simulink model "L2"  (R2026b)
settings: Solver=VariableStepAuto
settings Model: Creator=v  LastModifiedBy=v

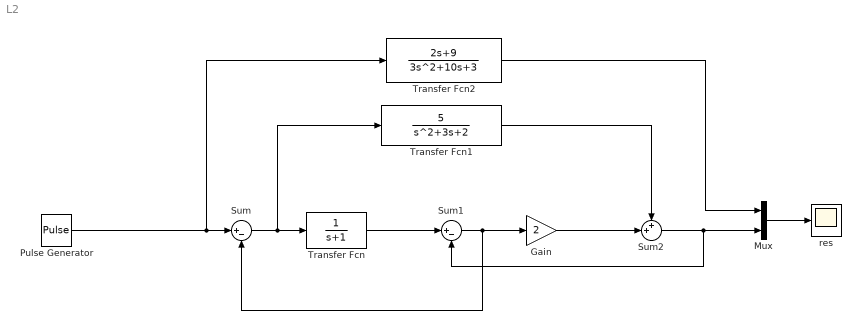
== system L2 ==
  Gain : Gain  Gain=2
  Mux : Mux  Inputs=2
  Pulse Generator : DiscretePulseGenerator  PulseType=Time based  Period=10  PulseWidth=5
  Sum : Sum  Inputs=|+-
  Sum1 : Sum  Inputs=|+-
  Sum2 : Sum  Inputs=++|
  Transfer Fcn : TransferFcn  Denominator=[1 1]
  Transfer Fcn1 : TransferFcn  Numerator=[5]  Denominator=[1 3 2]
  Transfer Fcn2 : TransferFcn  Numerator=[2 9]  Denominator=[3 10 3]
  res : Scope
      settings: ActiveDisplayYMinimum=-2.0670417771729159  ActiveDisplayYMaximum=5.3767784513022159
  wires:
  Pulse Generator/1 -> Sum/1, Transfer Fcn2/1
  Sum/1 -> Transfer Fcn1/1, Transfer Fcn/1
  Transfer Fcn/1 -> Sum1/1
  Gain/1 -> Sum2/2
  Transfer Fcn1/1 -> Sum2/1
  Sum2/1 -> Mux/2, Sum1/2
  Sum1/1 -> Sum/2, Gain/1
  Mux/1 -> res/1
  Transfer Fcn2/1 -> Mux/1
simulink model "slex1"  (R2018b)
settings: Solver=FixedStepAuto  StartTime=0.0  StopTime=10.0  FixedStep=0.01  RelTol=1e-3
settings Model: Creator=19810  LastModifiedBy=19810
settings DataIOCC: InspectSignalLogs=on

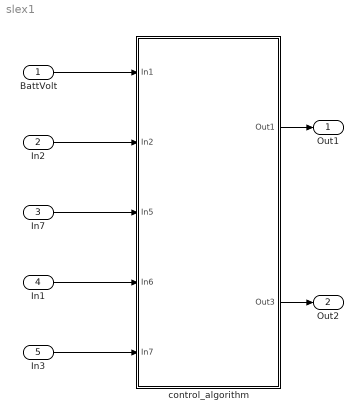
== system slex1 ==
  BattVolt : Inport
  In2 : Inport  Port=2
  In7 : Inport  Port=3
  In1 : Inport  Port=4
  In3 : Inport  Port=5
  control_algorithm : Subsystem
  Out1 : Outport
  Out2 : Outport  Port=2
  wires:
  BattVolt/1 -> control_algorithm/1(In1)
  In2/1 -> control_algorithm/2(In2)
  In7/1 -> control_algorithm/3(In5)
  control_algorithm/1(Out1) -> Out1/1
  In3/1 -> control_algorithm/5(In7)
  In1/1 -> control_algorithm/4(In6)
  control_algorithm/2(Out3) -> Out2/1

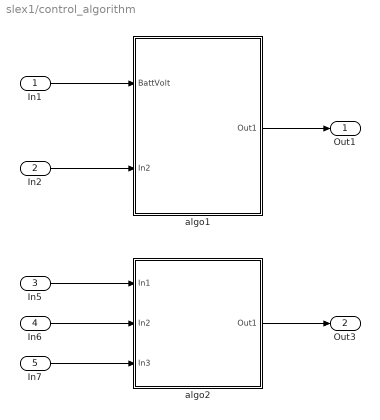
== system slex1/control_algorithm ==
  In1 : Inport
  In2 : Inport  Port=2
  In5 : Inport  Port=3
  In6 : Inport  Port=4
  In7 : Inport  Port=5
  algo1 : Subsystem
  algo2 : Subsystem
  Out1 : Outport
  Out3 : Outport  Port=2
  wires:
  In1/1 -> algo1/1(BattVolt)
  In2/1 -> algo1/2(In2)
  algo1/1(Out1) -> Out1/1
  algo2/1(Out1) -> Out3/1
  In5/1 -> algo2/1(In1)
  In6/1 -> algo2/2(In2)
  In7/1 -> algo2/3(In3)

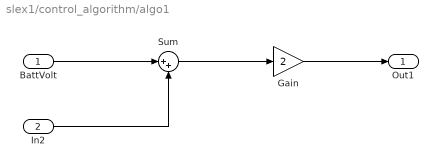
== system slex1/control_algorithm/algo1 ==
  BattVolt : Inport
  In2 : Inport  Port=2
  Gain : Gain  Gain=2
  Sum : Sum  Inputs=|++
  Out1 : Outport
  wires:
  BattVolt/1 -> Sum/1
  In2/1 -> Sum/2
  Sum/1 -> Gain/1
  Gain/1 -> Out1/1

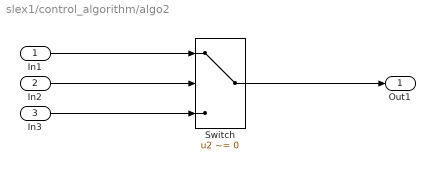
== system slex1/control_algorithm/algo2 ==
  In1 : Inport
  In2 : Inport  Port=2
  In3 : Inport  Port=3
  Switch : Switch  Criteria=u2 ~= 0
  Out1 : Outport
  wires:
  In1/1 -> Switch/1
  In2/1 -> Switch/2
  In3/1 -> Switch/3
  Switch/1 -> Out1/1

To do
Please print exactly the lines from the one containing "In1/1 -> Switch/1" through the last line of the records, both included, and nothing else.

Output below
  In1/1 -> Switch/1
  In2/1 -> Switch/2
  In3/1 -> Switch/3
  Switch/1 -> Out1/1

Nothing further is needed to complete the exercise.